Önceki dönem AK Parti Zonguldak Milletvekilleri, Hüseyin Özbakır ve danışmanları yüzünden birbirleriyle nasıl sorun yaşıyorlardı.

Hüseyin Özbakır ile Özcan Ulupınar kavga ederken, Faruk Çaturoğlu arada geçiniyordu.

İl Başkanı Zeki Tosun, Özcan Ulupınar ile Hüseyin Özbakır'ın arasında kalıyordu.

Bu kavga sayesinde koltuklarında oturan bürokratlar da vardı.

O sayede yükselen müteahhitler vardı.

Önce o müteahhitler gitti.

Şimdi bürokratlar gidiyor.

Haksızlıkla kurulan kaleler, birer birer yıkılıyor.

Şimdi Milletvekilleri Polat Türkmen, Ahmet Çolakoğlu, Hamdi Uçar ve İl Başkanı Zeki Tosun çok güzel anlaşıyorlar.

Şimdi, sorunlu ilçe başkanları da değişecek.

Orkestraya yeni başkanlar gelecek.

Daha yeni, daha güçlü şarkılar söylenecek.

Allah sizi de güldürsün!

Bu köşenin müdavimleri bilir.

Bazı yazılarımızı sudoku çözer gibi okumanız gerekiyor.

"Kafe üç harf, site üç harf, kadın üç harf!" başlıklı yazımızın ardından çok sayıda üç harfli aradı bizi!

Zonguldak'tan, Ankara'dan!

Sadece üç harfli kadınlar da değil!

Üç harfli erkekler de aradı!

Size bir şey söyleyeyim mi?

Bu üç harfliler buluyor birbirini!

Şimdi içinizden "Sen de üç harfli değil misin?" dediğinizi duyar gibiyim!

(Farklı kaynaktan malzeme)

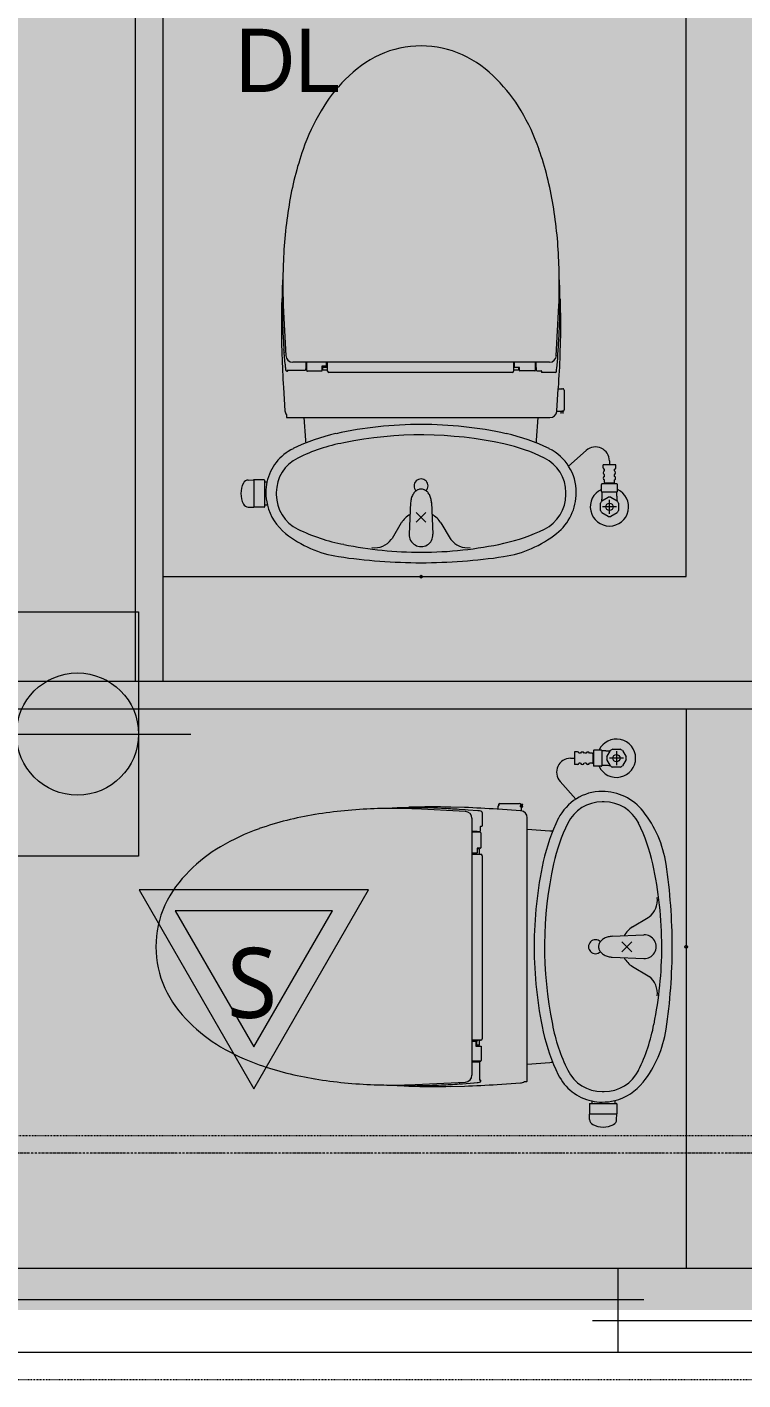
# Model space of a CAD drawing. Header units: millimetres. Extents: x -376000 to 292178, y -193032 to 188048.
# Drawn here: x -109615 to -108589, y 56524 to 58461 of the extents above; entities that cross this region are included whole.
import ezdxf

# ---------------------------------------------------------------- set-up
doc = ezdxf.new("R2010")
doc.units = ezdxf.units.MM
for name, pattern in [('VW-01 短破線', [2.116125, 1.058062, -1.058062]), ('ラインタイプ-1', [2.116531, 1.058062, -1.058469]), ('ラインタイプ-28', [1.058161, 0.705383, -0.352778]), ('ラインタイプ-6', [5.291531, 3.175, -1.058062, 0.352704, -0.705764])]:
    doc.linetypes.add(name, pattern=pattern)
for name, color, linetype, lineweight, true_color in [('02_0.25', 1, 'Continuous', 25, 0xff0000), ('03_0.15', 7, 'Continuous', 15, 0x990099), ('04_0.10', 7, 'Continuous', 9, 0x0099ff), ('05_0.05点線', 9, 'ラインタイプ-28', 5, 0x808080), ('06一点鎖線', 7, 'ラインタイプ-6', 9, 0x9999ff), ('08_ハッチ・色', 7, 'Continuous', 5, 0x888888)]:
    doc.layers.add(name, color=color, linetype=linetype, lineweight=lineweight, true_color=true_color)
for name, color, linetype, lineweight in [('07_文字・記号', 7, 'Continuous', 9), ('_塗（エリア） (2D)', 7, 'Continuous', 5), ('_天井プロット (2D)', 7, 'Continuous', 5), ('_平面図(既存部) (2D)', 7, 'Continuous', 5), ('_平面図（新設） (2D)', 7, 'Continuous', 5), ('_梁 (2D)', 7, 'Continuous', 5)]:
    doc.layers.add(name, color=color, linetype=linetype, lineweight=lineweight)
doc.styles.add('Yu Gothic UI (bold)', font='Yu Gothic UI.ttf')
doc.styles.add('ＭＳ Ｐゴシック', font='MS PGothic.ttf')

# ---------------------------------------------------------------- blocks, each defined once
blk = doc.blocks.new('塗（エリア） (2D)')
at = {"layer": '08_ハッチ・色', "linetype": 'Continuous', "lineweight": 0, "true_color": 0xa698ff, "transparency": 33554559}
blk.add_hatch(color=181, dxfattribs=at).paths.add_polyline_path([(-110447.7, 61723.6), (-109125.2, 61723.6), (-109125.2, 60984), (-108475.2, 60984), (-108475.2, 56623.6), (-110447.7, 56623.6)])
blk = doc.blocks.new('グループ-31')
at = {"layer": '03_0.15'}
for p, q in [((0, -60), (0, 60)), ((-1113.1, 15), (37, 15)), ((-37, -15), (1113.1, -15))]:
    blk.add_line(p, q, dxfattribs=at)
at = {"layer": '04_0.10'}
for p, q in [((-1113.1, 60), (1113.1, 60)), ((-1113.1, -60), (1113.1, -60))]:
    blk.add_line(p, q, dxfattribs=at)
blk = doc.blocks.new('シンボル-2')
at = {"layer": '02_0.25', "color": 7}
blk.add_blockref('グループ-31', (0, 0), dxfattribs=at)
blk = doc.blocks.new('平面図(既存部) (2D)')
at = {"layer": '06一点鎖線'}
blk.add_line((-96430.237, 56848.559), (-131430.237, 56848.559), dxfattribs=at)
at = {"layer": '04_0.10', "color": 7}
blk.add_blockref('シンボル-2', (-108767.737, 56623.559), dxfattribs=at)
blk = doc.blocks.new('グループ-752')
at = {"layer": '04_0.10'}
for p, q in [((-108836, 57414), (-108830.2, 57414)), ((-108830.2, 57423), (-108830.2, 57405)), ((-108826, 57423), (-108830.2, 57423)), ((-108821.7, 57421.3), (-108824.2, 57421.3)), ((-108813.7, 57421.3), (-108816.2, 57421.3)), ((-108805.2, 57421.3), (-108808.7, 57421.3)), ((-108804.2, 57420.1), (-108804.2, 57407.9)), ((-108803.2, 57425.1), (-108803.2, 57420.6)), ((-108803.2, 57420.6), (-108803.2, 57407.4)), ((-108792, 57425.5), (-108802.5, 57425.5)), ((-108791.2, 57425.1), (-108791.2, 57403)), ((-108785.4, 57424.5), (-108791.2, 57424.5)), ((-108784.1, 57416), (-108778.9, 57425)), ((-108778.9, 57403.1), (-108784.1, 57412)), ((-108760.2, 57414), (-108780.2, 57414)), ((-108775.4, 57427), (-108765, 57427)), ((-108770.2, 57424), (-108770.2, 57404)), ((-108761.6, 57425), (-108756.4, 57416)), ((-108756.4, 57412), (-108761.6, 57403)), ((-108826, 57405), (-108830.2, 57405)), ((-108821.7, 57406.8), (-108824.2, 57406.8)), ((-108813.7, 57406.8), (-108816.2, 57406.8)), ((-108805.2, 57406.8), (-108808.7, 57406.8)), ((-108803.2, 57407.4), (-108803.2, 57403)), ((-108792, 57402.5), (-108802.5, 57402.5)), ((-108785.4, 57403.5), (-108791.2, 57403.5)), ((-108765, 57401), (-108775.4, 57401)), ((-108828.6, 57355.4), (-108851, 57380.8)), ((-109084.3, 57342.9), (-109099.3, 57342.1)), ((-109074.3, 57343), (-109081.7, 57343)), ((-109073.3, 57343), (-109074.3, 57343)), ((-109069.8, 57343), (-109073.3, 57343)), ((-109068.9, 57343), (-109069.8, 57343)), ((-109065.4, 57343), (-109068.9, 57343)), ((-108986.7, 57337.9), (-109058.6, 57341.6)), ((-108988, 57343.5), (-109007.5, 57344)), ((-108987.2, 57340), (-108995.5, 57340.6)), ((-108982.5, 57339.8), (-108987.2, 57340)), ((-108969, 57338.6), (-108982.5, 57339.8)), ((-108962.7, 57336.1), (-108962.7, 57317)), ((-108939.5, 57340.8), (-108941.1, 57340.9)), ((-108939.5, 57340.8), (-108939.5, 57345.7)), ((-108907.5, 57338.7), (-108939.5, 57340.8)), ((-108939.2, 57346), (-108938.6, 57346)), ((-108939, 57346.5), (-108939, 57347)), ((-108937.5, 57349), (-108909, 57349)), ((-108907, 57347.5), (-108907.5, 57347.5)), ((-108907.5, 57347), (-108907.5, 57346.3)), ((-108907.5, 57344.5), (-108907.5, 57345.7)), ((-108907.5, 57344.5), (-108907, 57344.5)), ((-108904.3, 57347.5), (-108907, 57347.5)), ((-108907, 57344.5), (-108904.3, 57344.5)), ((-108907, 57344.5), (-108907, 57338.6)), ((-108905.7, 57347), (-108904.3, 57347)), ((-108904.3, 57345), (-108905.7, 57345)), ((-108904.3, 57347), (-108904.3, 57347.5)), ((-108904.3, 57344.5), (-108904.3, 57345)), ((-108787.7, 57351.5), (-108790.7, 57351.5)), ((-108977.3, 57327.9), (-108977.3, 56960.1)), ((-108965.1, 57310.1), (-108965, 57316)), ((-108964.5, 57316.5), (-108963.2, 57316.5)), ((-108898.2, 57144), (-108898.2, 57328.7)), ((-108973.6, 57309.1), (-108977.3, 57309.1)), ((-108965.8, 57308), (-108977.3, 57308)), ((-108969.7, 57309.1), (-108973.6, 57309.1)), ((-108969.7, 57309.1), (-108968.7, 57309.1)), ((-108968.7, 57309.1), (-108967.9, 57309.1)), ((-108967.9, 57309.1), (-108966.6, 57309.1)), ((-108964.8, 57307), (-108964.8, 57285.5)), ((-108865.6, 57309.7), (-108898.2, 57312.1)), ((-108970.2, 57278), (-108977.3, 57278)), ((-108977.3, 57276.4), (-108964.7, 57276.4)), ((-108969.7, 57285), (-108969.7, 57278.5)), ((-108965.3, 57285), (-108969.7, 57285)), ((-108967, 57284), (-108969.7, 57284)), ((-108966.5, 57276.9), (-108966.5, 57283.5)), ((-108962.7, 57274.4), (-108962.7, 57144)), ((-108747.1, 57172.4), (-108724.7, 57185.7)), ((-108724.7, 57185.7), (-108723.4, 57186.7)), ((-108776.2, 57159), (-108731, 57161)), ((-108962.7, 57144), (-108962.7, 57012)), ((-108898.2, 57004.9), (-108898.2, 57144)), ((-108762.3, 57151.1), (-108748.2, 57136.9)), ((-108748.2, 57151.1), (-108762.3, 57136.9)), ((-108776.2, 57129), (-108731, 57127)), ((-108747.1, 57115.7), (-108724.7, 57102.3)), ((-108724.7, 57102.3), (-108723.4, 57101.3)), ((-108964.7, 57010), (-108977.3, 57010)), ((-108971.8, 57008.5), (-108977.3, 57008.5)), ((-108971.8, 57008.5), (-108971.8, 57001.5)), ((-108970.2, 57009.2), (-108970.4, 57009.5)), ((-108970.1, 57003.5), (-108970.2, 57009)), ((-108970.1, 57009.2), (-108969.3, 57009.2)), ((-108966.6, 57003.5), (-108966.5, 57009)), ((-108898.2, 56966.1), (-108898.2, 57004.9)), ((-108971.8, 57001.5), (-108964.3, 57001.5)), ((-108967.1, 57003), (-108969.6, 57003)), ((-108964.3, 57001.5), (-108964.3, 56981)), ((-108965.3, 56980), (-108977.3, 56980)), ((-108977.3, 56978.9), (-108967.8, 56979)), ((-108966.9, 56978.9), (-108967.8, 56979)), ((-108965.9, 56952.2), (-108965.9, 56977.9)), ((-108898.2, 56976), (-108865.6, 56978.3)), ((-108898.2, 56959.3), (-108898.2, 56966.1)), ((-109099.3, 56946), (-109084.3, 56945.1)), ((-109058.6, 56946.5), (-108986.7, 56950.2)), ((-108994.5, 56947.5), (-108991.2, 56947.6)), ((-108991, 56947.6), (-108974.7, 56948.9)), ((-108974.4, 56949), (-108969.8, 56949.4)), ((-108965.2, 56953), (-108965.9, 56953)), ((-108964.7, 56951.8), (-108964.7, 56952.5)), ((-108941.1, 56946.8), (-108907.5, 56949)), ((-108902.1, 56951), (-108898.7, 56951)), ((-108898.2, 56956.6), (-108898.2, 56959.3)), ((-108898.2, 56951.5), (-108898.2, 56956.6)), ((-109082, 56945.1), (-109074.3, 56945)), ((-109074.3, 56945), (-109073.3, 56945)), ((-109073.3, 56945), (-109069.8, 56945)), ((-109069.8, 56945), (-109068.6, 56945)), ((-109068.6, 56945), (-109055.6, 56945.1)), ((-109007.5, 56944), (-108988, 56944.5)), ((-108790.7, 56936.5), (-108787.7, 56936.5)), ((-108808.7, 56919), (-108808.7, 56904.8)), ((-108808.2, 56919.5), (-108805.7, 56919.5)), ((-108805.7, 56923.1), (-108805.7, 56919.5)), ((-108805.7, 56919.5), (-108772.7, 56919.5)), ((-108772.7, 56923.7), (-108772.7, 56919.5)), ((-108772.7, 56919.5), (-108770.2, 56919.5)), ((-108769.7, 56919), (-108769.7, 56904.8)), ((-108808.6, 56896.4), (-108808.7, 56904)), ((-108808.2, 56904.5), (-108770.2, 56904.5)), ((-108769.9, 56896.4), (-108769.7, 56904))]:
    blk.add_line(p, q, dxfattribs=at)
for centre, radius in [((-108770.2, 57414), 5.15), ((-108670.2, 57144), 2)]:
    blk.add_circle(centre, radius, dxfattribs=at)
for centre, radius, start, end in [((-108770.2, 57414), 27.5, 204.7196, 155.2804), ((-108836, 57394), 20, 90, 221.3478), ((-108826, 57421.3), 1.75, 0, 90), ((-108819, 57419.7), 3.16, 29.6168, 150.3832), ((-108811.2, 57420.1), 2.75, 24.7615, 155.2385), ((-108805.2, 57420.3), 1, 0, 90), ((-108797.2, 57415.3), 11.5, 116.9624, 121.449), ((-108797.2, 57415.3), 11.5, 58.551, 63.0376), ((-108785.4, 57469.5), 45, 270, 278.2021), ((-108770.2, 57414), 14, 171.7867, 188.2133), ((-108770.2, 57414), 14, 111.7866, 128.212), ((-108770.2, 57414), 14, 51.7866, 68.2129), ((-108770.2, 57414), 14, 351.7881, 8.2136), ((-108826, 57406.8), 1.75, 270, 0), ((-108819, 57408.3), 3.16, 209.6168, 330.3832), ((-108811.2, 57407.9), 2.75, 204.7615, 335.2385), ((-108805.2, 57407.8), 1, 270, 0), ((-108797.2, 57412.8), 11.5, 238.551, 243.0376), ((-108797.2, 57412.8), 11.5, 296.9624, 301.449), ((-108785.4, 57358.5), 45, 81.7981, 90.1118), ((-108770.2, 57414), 14, 231.787, 248.2136), ((-108770.2, 57414), 14, 291.787, 308.2135), ((-108790.7, 57296.5), 70, 90, 153.7976), ((-108790.7, 57291.5), 75, 38.4915, 90), ((-109129.2, 56876.2), 462.9, 99.0818, 109.2986), ((-109094.7, 56675), 667, 91.9383, 99.28), ((-109088.6, 56505.1), 837, 90.7309, 91.962), ((-109088.6, 56505.1), 837, 87.943, 90.7309), ((-109080.7, 57269.3), 73.6, 90.7988, 92.7665), ((-109067.1, 57341.3), 2.5, 91.1775, 135.9651), ((-109032.7, 56135.3), 1208.9, 88.803, 91.6302), ((-109065.4, 56299.1), 1044, 87.5652, 90), ((-109070.1, 56262.7), 1080.5, 86.0388, 87.3989), ((-109051.3, 55799.8), 1545, 85.9093, 87.652), ((-108987.3, 57327.9), 10, 0, 86.754), ((-108976.7, 57254.1), 84.9, 81.6887, 84.7763), ((-108964.7, 57336.1), 2, 0, 81.6887), ((-108939.2, 57345.7), 0.3, 90, 180), ((-108939, 57347.8), 0.3, 151.9275, 267.8503), ((-108937.5, 57347), 2, 90, 151.9275), ((-108933.9, 57347), 5.05, 173.7824, 179.4743), ((-108938.4, 57346.5), 0.64, 177.0939, 212.6116), ((-108938.6, 57346.3), 0.32, 218.0578, 269.7392), ((-108909, 57347), 2, 14.4901, 89.9912), ((-108907.8, 57346.3), 0.306, 269.2764, 358.8985), ((-108907.8, 57345.7), 0.306, 1.141, 90.684), ((-108909.4, 57347), 1.94, 0.0021, 14.9317), ((-108908.2, 57328.7), 10, 82.7944, 86.1076), ((-108908.2, 57328.7), 10, 0, 82.7944), ((-108905.7, 57346), 1, 90, 270), ((-108790.7, 57296.5), 55, 90, 153.7976), ((-108787.7, 57296.5), 55, 26.2024, 90), ((-108857.3, 57238.6), 160, 8.4998, 38.4915), ((-108964.5, 57316), 0.5, 90, 179.7172), ((-108963.2, 57317), 0.5, 270, 0), ((-108611.3, 57208.2), 270, 153.7976, 167.6448), ((-108611.3, 57208.2), 255, 153.7976, 167.6448), ((-108967.2, 57208.2), 255, 12.3552, 26.2024), ((-109180.8, 57023.4), 306.9, 109.2961, 120.7098), ((-108966.1, 57310.1), 1, 270.4993, 359.7161), ((-108965.8, 57307), 1, 0, 90), ((-108874.8, 57190), 120, 83.7061, 85.585), ((-109220.2, 57089.5), 230, 120.684, 134.8235), ((-108970.2, 57278.5), 0.5, 270, 0), ((-108967, 57283.5), 0.5, 359.8476, 90), ((-108966, 57276.9), 0.5, 180, 270.0365), ((-108965.3, 57285.5), 0.5, 270, 0), ((-108964.7, 57274.4), 2, 0.0101, 89.9724), ((-108318.2, 57144), 570, 167.6448, 180), ((-108318.2, 57144), 555, 167.6448, 191.5081), ((-109260.2, 57144), 555, 0, 12.3552), ((-109490.2, 57144), 800, 0, 8.4998), ((-109264.6, 57131.3), 169, 134.1273, 154.7612), ((-109286.3, 57144), 144, 155.6594, 180), ((-108741.5, 57210.7), 30, 307, 7.3205), ((-108774.9, 57130.8), 28.2, 92.5229, 105.1691), ((-108730.2, 57144), 33, 121, 151.5429), ((-108730.2, 57144), 17, 267.4495, 92.5505), ((-109286.3, 57144), 144, 180, 204.3406), ((-108318.2, 57144), 570, 180, 192.3552), ((-108800.2, 57144), 10, 45.7329, 314.2671), ((-108784.7, 57144), 11.1, 156.2355, 179.8143), ((-108784.7, 57144), 11.1, 180.1857, 203.7645), ((-108782.2, 57142.9), 13.8, 135.6401, 156.0552), ((-108782.2, 57145.2), 13.8, 203.9448, 224.3599), ((-108778.8, 57139.5), 18.6, 118.9872, 135.6963), ((-108776, 57134.7), 24.2, 105.0597, 119.109), ((-109260.2, 57144), 555, 348.4919, 0), ((-109490.2, 57144), 800, 351.5002, 0), ((-108778.8, 57148.5), 18.6, 224.3037, 241.0128), ((-108776, 57153.3), 24.2, 240.891, 254.9403), ((-108774.9, 57157.3), 28.2, 254.8309, 267.4771), ((-108730.2, 57144), 33, 208.4571, 239), ((-108741.5, 57077.4), 30, 352.6795, 53), ((-109264.6, 57156.7), 169, 205.2388, 225.8727), ((-109220.2, 57198.6), 230, 225.1765, 239.316), ((-108611.3, 57079.8), 255, 190.5637, 206.2094), ((-108967.2, 57079.8), 255, 333.8046, 349.4363), ((-108857.3, 57049.4), 160, 321.5085, 351.5002), ((-108967.7, 56952.5), 57.5, 87.81, 93.5063), ((-108971.1, 57009), 0.884, 61.8986, 97.0011), ((-108971.2, 57008.9), 1, 4.2397, 89.9584), ((-108971.2, 57009), 0.987, 34.2751, 58.7289), ((-108970.1, 57009.3), 0.088, 210.1612, 258.9038), ((-108969.3, 57009.2), 0.0296, 273.835, 313.0636), ((-108969.4, 57009.3), 0.194, 315.9512, 337.8466), ((-108961, 57005.8), 8.93, 153.7637, 157.312), ((-108968.5, 57009.5), 0.501, 102.4328, 153.5457), ((-108965.5, 57009), 0.999, 89.9757, 179.0882), ((-108964.7, 57012), 2, 270.0276, 359.9899), ((-108611.3, 57079.8), 270, 192.3552, 206.2024), ((-109180.8, 57264.6), 306.9, 239.2902, 250.7039), ((-108969.6, 57003.5), 0.5, 181, 270), ((-108967.1, 57003.5), 0.5, 270, 359.0001), ((-109129.2, 57411.9), 462.9, 250.7014, 260.9182), ((-108966.9, 56977.9), 1, 0, 89.5), ((-108965.3, 56981), 1, 270, 0), ((-108874.8, 57098), 120, 274.415, 276.2939), ((-108790.7, 56991.5), 55, 206.2349, 270), ((-108787.7, 56991.5), 55, 270, 333.8302), ((-109094.7, 57613), 667, 260.72, 268.0617), ((-109088.6, 57782.9), 837, 268.038, 269.2691), ((-109088.6, 57782.9), 837, 269.2691, 272.057), ((-109062.6, 57916), 970.9, 270.413, 272.45), ((-109070, 58024.2), 1079.3, 272.6004, 273.962), ((-108993.6, 56919.9), 27.6, 91.9027, 93.8833), ((-108991.5, 56954.9), 7.35, 272.2276, 274.0828), ((-109038, 58488), 1544.3, 271.8545, 273.5972), ((-108987.3, 56960.1), 10, 273.246, 0), ((-108974.7, 56949.4), 0.504, 273.189, 316.1247), ((-108977.1, 57029.8), 80.6, 275.1272, 277.5651), ((-108966.7, 56951.8), 2, 277.5651, 0), ((-108965.2, 56952.5), 0.5, 0, 90), ((-108908.2, 56959), 10, 273.8924, 307.5163), ((-108898.7, 56951.5), 0.504, 269.9889, 302.4459), ((-108898.7, 56951.5), 0.505, 302.4716, 352.8051), ((-108790.7, 56991.5), 70, 206.2024, 257.6264), ((-108790.7, 56996.5), 75, 283.8866, 321.5085), ((-109080.7, 57018.7), 73.6, 267.2335, 269.02), ((-109066.6, 56947.2), 3.01, 226.6537, 259.0498), ((-109032.7, 58152.7), 1208.9, 268.3698, 271.197), ((-108808.2, 56919), 0.5, 90, 180), ((-108790.7, 56991.5), 70, 257.6264, 270), ((-108790.7, 56996.5), 75, 270, 283.8866), ((-108770.2, 56919), 0.5, 0, 90), ((-108808.4, 56904.8), 0.3, 180, 270), ((-108808.2, 56904), 0.5, 90, 181), ((-108800.6, 56896.6), 8, 181, 242.7041), ((-108789.2, 56918.6), 32.8, 242.7041, 297.2959), ((-108777.9, 56896.6), 8, 297.2959, 359), ((-108770.2, 56904), 0.5, 359, 90), ((-108770, 56904.8), 0.3, 270, 0)]:
    blk.add_arc(centre, radius, start, end, dxfattribs=at)
blk = doc.blocks.new('グループ-753')
at = {"layer": '04_0.10'}
for p, q in [((-109248.3, 58103.1), (-109249.1, 58088.1)), ((-108851.4, 58088.1), (-108852.2, 58103.1)), ((-109249.2, 58085.8), (-109249.2, 58078.1)), ((-109249.2, 58078.1), (-109249.2, 58077.1)), ((-109249.2, 58077.1), (-109249.2, 58073.6)), ((-109249.2, 58073.6), (-109249.2, 58072.4)), ((-109249.2, 58072.4), (-109249.2, 58059.4)), ((-108851.2, 58078.1), (-108851.3, 58085.5)), ((-108851.2, 58077.1), (-108851.2, 58078.1)), ((-108851.2, 58073.6), (-108851.2, 58077.1)), ((-108851.2, 58072.7), (-108851.2, 58073.6)), ((-108851.2, 58069.2), (-108851.2, 58072.7)), ((-109247.8, 58062.4), (-109244.1, 57990.5)), ((-108856.4, 57990.5), (-108852.7, 58062.4)), ((-109250.2, 58011.3), (-109249.7, 57991.8)), ((-108850.7, 57991.8), (-108850.2, 58011.3)), ((-109246.8, 57998.3), (-109246.7, 57995)), ((-109246.7, 57994.8), (-109245.4, 57978.5)), ((-108854.2, 57991), (-108853.6, 57999.3)), ((-109245.2, 57978.2), (-109244.8, 57973.6)), ((-108866.3, 57981.1), (-109234.1, 57981.1)), ((-109215.3, 57981.1), (-109215.3, 57971.6)), ((-109214.2, 57969.1), (-109214.2, 57981.1)), ((-109185.7, 57975.5), (-109192.7, 57975.5)), ((-109192.7, 57975.5), (-109192.7, 57968.1)), ((-109191.2, 57970.9), (-109191.2, 57973.4)), ((-109190.7, 57973.9), (-109185.3, 57974)), ((-109185.7, 57975.5), (-109185.7, 57981.1)), ((-109185.1, 57973.9), (-109185.1, 57973.1)), ((-109185, 57973.9), (-109184.7, 57974.1)), ((-109184.2, 57968.5), (-109184.2, 57981.1)), ((-108917.8, 57981.1), (-108917.8, 57968.5)), ((-108916.2, 57974), (-108916.2, 57981.1)), ((-108909.2, 57973.5), (-108915.7, 57973.5)), ((-108910.2, 57970.7), (-108910.2, 57973.5)), ((-108909.2, 57969.1), (-108909.2, 57973.5)), ((-108886.2, 57969.6), (-108886.2, 57981.1)), ((-108885.2, 57977.4), (-108885.1, 57981.1)), ((-108885.2, 57973.5), (-108885.2, 57977.4)), ((-108885.2, 57973.5), (-108885.2, 57972.5)), ((-108885.2, 57972.5), (-108885.2, 57971.6)), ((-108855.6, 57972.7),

Kafe ile siteyi hemen herkes çözmüş!

Google'da üç harfli kadın isimlerini arayanlar varmış!

Çok güldüm!

Güldürmeyin beni Allah aşkına!

Az daha zorlasanız çözeceksiniz aslında!

Bir de yazıda 'eski belediye başkanının oğlu' geçiyor ya!

Bir bomba daha patladı bu vesileyle iyi mi!

Bir başka eski belediye başkanının oğlu da, kadın çalışan bir restorana takılmaya başlamış!

Hem mekana, hem kadınlara borç takmış!

Bu çocuk, babasının açtığı işyerini batırır yakında!

Ne fiziği, ne kimyası!

Kadının biri, kafayı yemiş:

"Basının en güzel kadını benim" diye geziyormuş ortalıkta!

Ne fiziği, ne kimyası bize uygun değil!

O nedenle biz kendisini serbest bıraktık!

Bu kişiyi düzeltmeye, Tıp Fakültesi bile çaresiz kalır!

Siz de çok ciddiye almayın!

Günün Fıkrası: Kuleye çıkan eşek!

Adamın biri, işlerinin yoluna girmesi için Allah'a yalvarmış: "Her şey iyi olursa, ahdim olsun eşeğimi sırtıma alıp, Galata Kulesi'nin tepesine çıkaracağım" diye yemin etmiş.

Hikaye bu ya, kısa süre sonra tüm sorunları çözülmüş ve sıra yeminini yerine getirmeye gelmiş...

Eşeğini alıp Galata Kulesi'ne gitmiş, bakmış ki kule çok yüksek. Koca eşeği sırtına alıp, dar merdivenlerden döne döne kulenin tepesine nasıl çıkaracak? İmkansız!

Kapıda ak sakallı bir Bektaşi varmış. Yeminini anlatarak, ona akıl danışmış.

Bektaşi "Her derdin bir çaresi vardır" diyerek sormuş:

"İçki içer misin?"

"Haşa; içmem."

"Kumar oynar mısın?"

"Asla oynamam."

"Gazete-kitap okur musun?"

"Vaktim yok ki nasıl okuyayım?"

"Tiyatroya, eğlenceye, saza, caza, dansa gider misin?"

"Gavur adetlerini sevmem."

"Çapkınlık durumun nasıl? Kadınlarla kızlarla alem yapar mısın?"

"Asla yapmam!"

Ak sakallı Bektaşi; "Tamam" demiş, "Meseleyi çözdük! Eşeği kuleye çıkartmana hiç lüzum yok. Sen kendin çık, yeminin yerine gelmiş olur!"